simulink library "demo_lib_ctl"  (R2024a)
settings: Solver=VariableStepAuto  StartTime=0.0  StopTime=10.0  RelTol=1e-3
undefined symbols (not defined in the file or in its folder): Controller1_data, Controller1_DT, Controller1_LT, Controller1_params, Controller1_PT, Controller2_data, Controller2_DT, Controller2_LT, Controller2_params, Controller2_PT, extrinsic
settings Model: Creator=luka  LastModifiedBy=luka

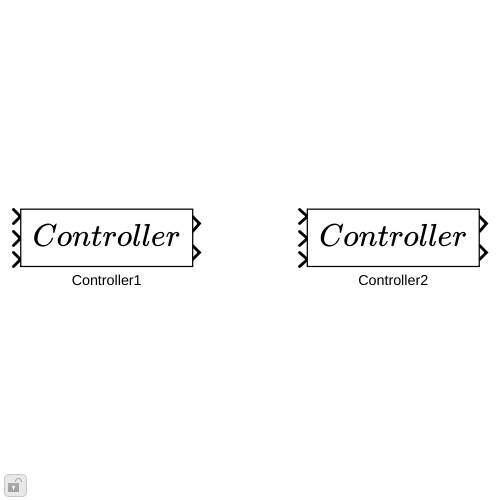
[thumbnail: Simulink's stored preview of the top-level diagram]
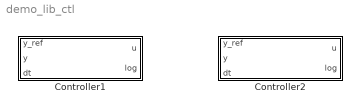
== system demo_lib_ctl ==
  Controller1 : Subsystem  Tag=__cs_m_ctl;  mask{iid__=[0], pid__=[67 111 110 116 114 111 108 108 101 114 49 58 100 101 109 111 95 108 105 98], LogEntryType=Controller1_LT, params=Controller1_params, data=Controller1_data, ParamsType=Controller1_PT, DataType=Controller1_DT, u_ic=0}
      mask prompts: params "Parameter struct:"
  Controller2 : Subsystem  Tag=__cs_py_ctl;  mask{iid__=[0], pid__=[67 111 110 116 114 111 108 108 101 114 50 58 100 101 109 111 95 108 105 98], LogEntryType=Controller2_LT, params=Controller2_params, data=Controller2_data, ParamsType=Controller2_PT, DataType=Controller2_DT, u_ic=0}
      mask prompts: params "Parameter struct:"

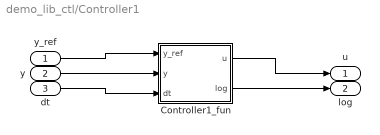
== system demo_lib_ctl/Controller1 ==
  y_ref : Inport
  y : Inport  Port=2
  dt : Inport  Port=3
  Controller1_fun : MATLAB Function  TreatAsAtomicUnit=on
  u : Outport
  log : Outport  Port=2
  wires:
  y_ref/1 -> Controller1_fun/1(y_ref)
  y/1 -> Controller1_fun/2(y)
  dt/1 -> Controller1_fun/3(dt)
  Controller1_fun/1(u) -> u/1
  Controller1_fun/2(log) -> log/1

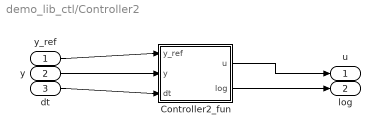
== system demo_lib_ctl/Controller2 ==
  y_ref : Inport
  y : Inport  Port=2
  dt : Inport  Port=3
  Controller2_fun : MATLAB Function  TreatAsAtomicUnit=on
  u : Outport
  log : Outport  Port=2
  wires:
  y_ref/1 -> Controller2_fun/1(y_ref)
  y/1 -> Controller2_fun/2(y)
  dt/1 -> Controller2_fun/3(dt)
  Controller2_fun/1(u) -> u/1
  Controller2_fun/2(log) -> log/1

== matlab function demo_lib_ctl/Controller2/Controller2_fun ==
  settings: updateMethod=DISCRETE
  data: y_ref input; u output; y input; dt input; log output LogEntryType; iid__ parameter uint8; pid__ parameter uint8; data parameter DataType; params parameter ParamsType; u_ic parameter double
% __classname:="Controller2";
% __lib_name:="demo_lib";
% __comp_type:="ctl";
% __plugin_type:="py";
% __fnname:="fcn_80eded98d5f341538a38bb328561e47a";
% __input_args:="y_ref, y, dt, u_ic, params, data, pid__, iid__";
% __output_args:=" u";
% __ctor_args:="'Params', params, 'Data', data, 'pid', pid__, 'iid', iid__";
% __cfg_args:="u_ic, size(y), size(y_ref)";
% __step_args:="y_ref, y, dt";
function [  u, log] = fcn(y_ref, y, dt, iid__, pid__, data, params, u_ic)
    coder.extrinsic('fcn_80eded98d5f341538a38bb328561e47a_ext');
u = u_ic;
data_n = data;
;
        [data_n,  u] = fcn_80eded98d5f341538a38bb328561e47a_ext(y_ref, y, dt, u_ic, params, data, pid__, iid__);
        log = eval_log(data_n);
end

function log = eval_log(data)
        log.d3 = data.d3;

end

== matlab function demo_lib_ctl/Controller1/Controller1_fun ==
  settings: updateMethod=DISCRETE
  data: y_ref input; u output; y input; dt input; log output LogEntryType; extrinsic parameter int32; iid__ parameter uint8; pid__ parameter uint8; data parameter DataType; params parameter ParamsType; u_ic parameter double
% __classname:="Controller1";
% __lib_name:="demo_lib";
% __comp_type:="ctl";
% __plugin_type:="mat";
% __fnname:="fcn_5993e002d666431f8166716e2a8f65b9";
% __input_args:="y_ref, y, dt, u_ic, params, data, pid__, iid__";
% __output_args:=" u";
% __ctor_args:="'Params', params, 'Data', data, 'pid', pid__, 'iid', iid__";
% __cfg_args:="u_ic, size(y), size(y_ref)";
% __step_args:="y_ref, y, dt";
function [  u, log] = fcn(y_ref, y, dt, extrinsic, iid__, pid__, data, params, u_ic)
    coder.extrinsic('fcn_5993e002d666431f8166716e2a8f65b9_ext');
    if extrinsic
u = u_ic;;
        [  u, log] = fcn_5993e002d666431f8166716e2a8f65b9_ext(y_ref, y, dt, u_ic, params, data, pid__, iid__);
    else
        [  u, log] = fcn_5993e002d666431f8166716e2a8f65b9(y_ref, y, dt, u_ic, params, data, pid__, iid__);
    end 
end

 
function [  u, log] = fcn_5993e002d666431f8166716e2a8f65b9(y_ref, y, dt, u_ic, params, data, pid__, iid__)
    persistent obj
    if isempty(obj)
        obj = Controller1('Params', params, 'Data', data, 'pid', pid__, 'iid', iid__);
        obj = obj.configure(u_ic, size(y), size(y_ref));
    end
    [obj,  u] = obj.step(y_ref, y, dt);
    log = eval_log(obj.data);
end

function log = eval_log(data)
        log.log1 = data.log1;

end

▶ _Requirement_:
Print every record exactly, without the pictures.

▶ _Your solution_:
simulink library "demo_lib_ctl"  (R2024a)
settings: Solver=VariableStepAuto  StartTime=0.0  StopTime=10.0  RelTol=1e-3
undefined symbols (not defined in the file or in its folder): Controller1_data, Controller1_DT, Controller1_LT, Controller1_params, Controller1_PT, Controller2_data, Controller2_DT, Controller2_LT, Controller2_params, Controller2_PT, extrinsic
settings Model: Creator=luka  LastModifiedBy=luka

[thumbnail: Simulink's stored preview of the top-level diagram]
== system demo_lib_ctl ==
  Controller1 : Subsystem  Tag=__cs_m_ctl;  mask{iid__=[0], pid__=[67 111 110 116 114 111 108 108 101 114 49 58 100 101 109 111 95 108 105 98], LogEntryType=Controller1_LT, params=Controller1_params, data=Controller1_data, ParamsType=Controller1_PT, DataType=Controller1_DT, u_ic=0}
      mask prompts: params "Parameter struct:"
  Controller2 : Subsystem  Tag=__cs_py_ctl;  mask{iid__=[0], pid__=[67 111 110 116 114 111 108 108 101 114 50 58 100 101 109 111 95 108 105 98], LogEntryType=Controller2_LT, params=Controller2_params, data=Controller2_data, ParamsType=Controller2_PT, DataType=Controller2_DT, u_ic=0}
      mask prompts: params "Parameter struct:"

== system demo_lib_ctl/Controller1 ==
  y_ref : Inport
  y : Inport  Port=2
  dt : Inport  Port=3
  Controller1_fun : MATLAB Function  TreatAsAtomicUnit=on
  u : Outport
  log : Outport  Port=2
  wires:
  y_ref/1 -> Controller1_fun/1(y_ref)
  y/1 -> Controller1_fun/2(y)
  dt/1 -> Controller1_fun/3(dt)
  Controller1_fun/1(u) -> u/1
  Controller1_fun/2(log) -> log/1

== system demo_lib_ctl/Controller2 ==
  y_ref : Inport
  y : Inport  Port=2
  dt : Inport  Port=3
  Controller2_fun : MATLAB Function  TreatAsAtomicUnit=on
  u : Outport
  log : Outport  Port=2
  wires:
  y_ref/1 -> Controller2_fun/1(y_ref)
  y/1 -> Controller2_fun/2(y)
  dt/1 -> Controller2_fun/3(dt)
  Controller2_fun/1(u) -> u/1
  Controller2_fun/2(log) -> log/1

== matlab function demo_lib_ctl/Controller2/Controller2_fun ==
  settings: updateMethod=DISCRETE
  data: y_ref input; u output; y input; dt input; log output LogEntryType; iid__ parameter uint8; pid__ parameter uint8; data parameter DataType; params parameter ParamsType; u_ic parameter double
% __classname:="Controller2";
% __lib_name:="demo_lib";
% __comp_type:="ctl";
% __plugin_type:="py";
% __fnname:="fcn_80eded98d5f341538a38bb328561e47a";
% __input_args:="y_ref, y, dt, u_ic, params, data, pid__, iid__";
% __output_args:=" u";
% __ctor_args:="'Params', params, 'Data', data, 'pid', pid__, 'iid', iid__";
% __cfg_args:="u_ic, size(y), size(y_ref)";
% __step_args:="y_ref, y, dt";
function [  u, log] = fcn(y_ref, y, dt, iid__, pid__, data, params, u_ic)
    coder.extrinsic('fcn_80eded98d5f341538a38bb328561e47a_ext');
u = u_ic;
data_n = data;
;
        [data_n,  u] = fcn_80eded98d5f341538a38bb328561e47a_ext(y_ref, y, dt, u_ic, params, data, pid__, iid__);
        log = eval_log(data_n);
end

function log = eval_log(data)
        log.d3 = data.d3;

end

== matlab function demo_lib_ctl/Controller1/Controller1_fun ==
  settings: updateMethod=DISCRETE
  data: y_ref input; u output; y input; dt input; log output LogEntryType; extrinsic parameter int32; iid__ parameter uint8; pid__ parameter uint8; data parameter DataType; params parameter ParamsType; u_ic parameter double
% __classname:="Controller1";
% __lib_name:="demo_lib";
% __comp_type:="ctl";
% __plugin_type:="mat";
% __fnname:="fcn_5993e002d666431f8166716e2a8f65b9";
% __input_args:="y_ref, y, dt, u_ic, params, data, pid__, iid__";
% __output_args:=" u";
% __ctor_args:="'Params', params, 'Data', data, 'pid', pid__, 'iid', iid__";
% __cfg_args:="u_ic, size(y), size(y_ref)";
% __step_args:="y_ref, y, dt";
function [  u, log] = fcn(y_ref, y, dt, extrinsic, iid__, pid__, data, params, u_ic)
    coder.extrinsic('fcn_5993e002d666431f8166716e2a8f65b9_ext');
    if extrinsic
u = u_ic;;
        [  u, log] = fcn_5993e002d666431f8166716e2a8f65b9_ext(y_ref, y, dt, u_ic, params, data, pid__, iid__);
    else
        [  u, log] = fcn_5993e002d666431f8166716e2a8f65b9(y_ref, y, dt, u_ic, params, data, pid__, iid__);
    end 
end

 
function [  u, log] = fcn_5993e002d666431f8166716e2a8f65b9(y_ref, y, dt, u_ic, params, data, pid__, iid__)
    persistent obj
    if isempty(obj)
        obj = Controller1('Params', params, 'Data', data, 'pid', pid__, 'iid', iid__);
        obj = obj.configure(u_ic, size(y), size(y_ref));
    end
    [obj,  u] = obj.step(y_ref, y, dt);
    log = eval_log(obj.data);
end

function log = eval_log(data)
        log.log1 = data.log1;

end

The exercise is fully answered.